Note that the deformation gradient varies throughout the element. It is not constant. This is actually a big advantage of quadrilaterals (and bricks in 3-D) over linear triangles (and tetrahedrals in 3-D). The deformation gradient in a linear triangle or tetrahedral does not vary from location to location. This tends to make them respond with artificially (and incorrectly) elevated stiffnesses.

The displacements of the nodes in the figure are

$\begin{eqnarray} u_1 = 3 \qquad u_2 = 2 \qquad u_3 = 3 \qquad u_4 = 2 \\ v_1 = 2 \qquad v_2 = 2 \qquad v_3 = 2 \qquad v_4 = 2 \end{eqnarray}$
The deformation gradient at point $${\bf X} = (0.75,0.50)$$ is

$\begin{eqnarray} F_{11} & = & {1 \over 4} [-(1-Y)u_1 + (1-Y)u_2 + (1+Y)u_3 - (1+Y)u_4] + 1 \\ \\ & = & 0.25 [ -(0.50)(3) + (0.50)(2) + (1.50)(3) - (1.50)(2) ] + 1\\ \\ & = & 1.250 \\ \\ \\ F_{12} & = & {1 \over 4} [-(1-X)u_1 - (1+X)u_2 + (1+X)u_3 + (1-X)u_4] \\ \\ & = & 0.25 [ -(0.25)(3) - (1.75)(2) + (1.75)(3) + (0.25)(2) ] \\ \\ & = & 0.375 \\ \\ \\ F_{21} & = & {1 \over 4} [-(1-Y)v_1 + (1-Y)v_2 + (1+Y)v_3 - (1+Y)v_4] \\ \\ & = & 0.25 [ -(0.50)(2) + (0.50)(2) + (1.50)(2) - (1.50)(2) ] \\ \\ & = & 0.000 \\ \\ \\ F_{22} & = & {1 \over 4} [-(1-X)v_1 - (1+X)v_2 + (1+X)v_3 + (1-X)v_4] + 1 \\ \\ & = & 0.25 [ -(0.25)(2) - (1.75)(2) + (1.75)(2) + (0.25)(2) ] + 1\\ \\ & = & 1.000 \end{eqnarray}$

So $${\bf F}$$ equals

${\bf F} = \left[ \matrix{ 1.250 & 0.375 \\ 0.000 & 1.000 } \right]$

This makes sense because the upper right corner of the element is being stretch horizontally ($$F_{11} = 1.25$$) and is also shearing ($$F_{12} = 0.375$$).

## General 2-D Case

The 'simple' section above introduces all the basic concepts of calculating displacements and deformation gradients in finite elements. But it only works for elements that are perfectly aligned with the global coordinates. This section shows the general case that occurs when the element does not line up with the global coordinate system. For example, the element may be as shown here. The undeformed coordinates are

$\begin{eqnarray} X_1 = -1 & \quad & X_2 = 1 & \quad & X_3 = 0 & \quad & X_4 = -1 \\ Y_1 = -1 & \quad & \, Y_2 = 0 & \quad & \, Y_3 = 2 & \quad & \, Y_4 = \;\;\;1 \\ \end{eqnarray}$

Since the element is not aligned with the global coordinate system, the simple approach from above will not work. Instead, it is necessary to introduce two new local coordinates, $$r$$ and $$s$$, that span from -1 to +1.

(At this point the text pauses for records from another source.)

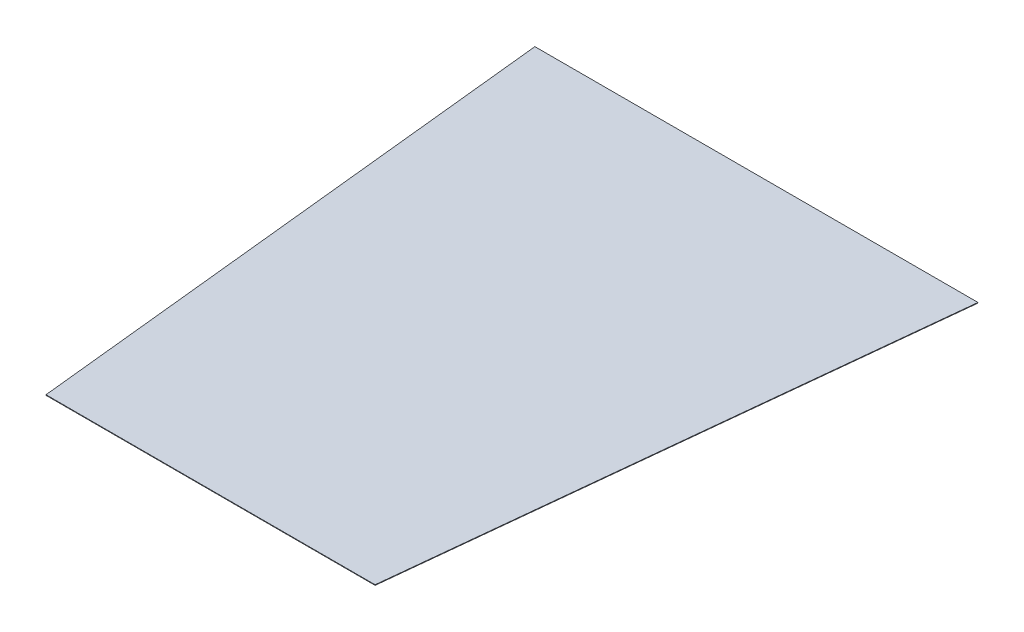
from build123d import *

# Parameters (mm, degrees)
CENTER_FLOOR_CLOSEOUT_DEPTH = 1


with BuildPart() as part:
    # Sketch1 → Center Floor Closeout (new body)
    with BuildSketch(Plane(origin=(0, 0, 0), x_dir=(1, 0, 0), z_dir=(0, 1, 0))):
        Polygon((-294.245, 0), (294.245, 0), (396.16, 976.103949831), (-396.16, 976.103949831), align=None)
    extrude(amount=CENTER_FLOOR_CLOSEOUT_DEPTH)


solid = part.part

The position within the element can be described in terms of the node coordinates and $$r$$ and $$s$$ as

$\begin{eqnarray} X(r,s) & = & {1\over 4}(1-r)(1-s)X_1 + {1\over 4}(1+r)(1-s)X_2 + {1\over 4}(1+r)(1+s)X_3 + {1\over 4}(1-r)(1+s)X_4 \\ \\ \\ Y(r,s) & = & {1\over 4}(1-r)(1-s)Y_1 + {1\over 4}(1+r)(1-s)Y_2 + {1\over 4}(1+r)(1+s)Y_3 + {1\over 4}(1-r)(1+s)Y_4 \\ \end{eqnarray}$

These are the same shape functions as before, only in $$r$$ and $$s$$ this time. So these equations can also be written as follows

$\begin{eqnarray} X(r,s) & = & \phi_1(r,s) X_1 + \phi_2(r,s) X_2 + \phi_3(r,s) X_3 + \phi_4(r,s) X_4 \\ \\ Y(r,s) & = & \phi_1(r,s) Y_1 + \phi_2(r,s) Y_2 + \phi_3(r,s) Y_3 + \phi_4(r,s) Y_4 \end{eqnarray}$

where $$\phi_1(r,s) = (1 - r)(1 - s)/4$$ and $$\phi_2(r,s) = (1 + r)(1 - s)/4$$, etc. Once again, each shape function equals 1 at the location of its node, and zero at all other node locations.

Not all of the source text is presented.